■ EXERCISE DIRECTIONS ■
The records below are to be transcribed exactly, with the pictures removed.
─── DATASET EXCERPTS
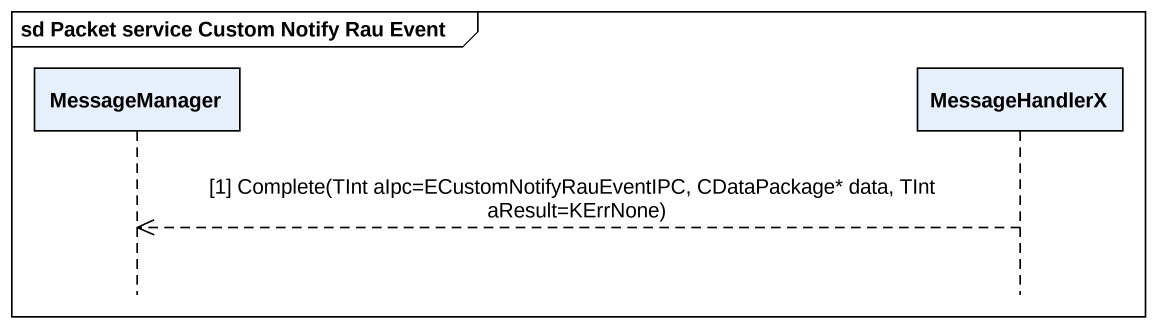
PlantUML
@startuml
mainframe sd Packet service Custom Notify Rau Event
hide footbox
participant MessageManager
participant MessageHandlerX

MessageHandlerX -->> MessageManager : [1] Complete(TInt aIpc=ECustomNotifyRauEventIPC, CDataPackage* data, TInt aResult=KErrNone)
@enduml
──────
■ PROBLEM SOLUTION ■
PlantUML
@startuml
mainframe sd Packet service Custom Notify Rau Event
hide footbox
participant MessageManager
participant MessageHandlerX

MessageHandlerX -->> MessageManager : [1] Complete(TInt aIpc=ECustomNotifyRauEventIPC, CDataPackage* data, TInt aResult=KErrNone)
@enduml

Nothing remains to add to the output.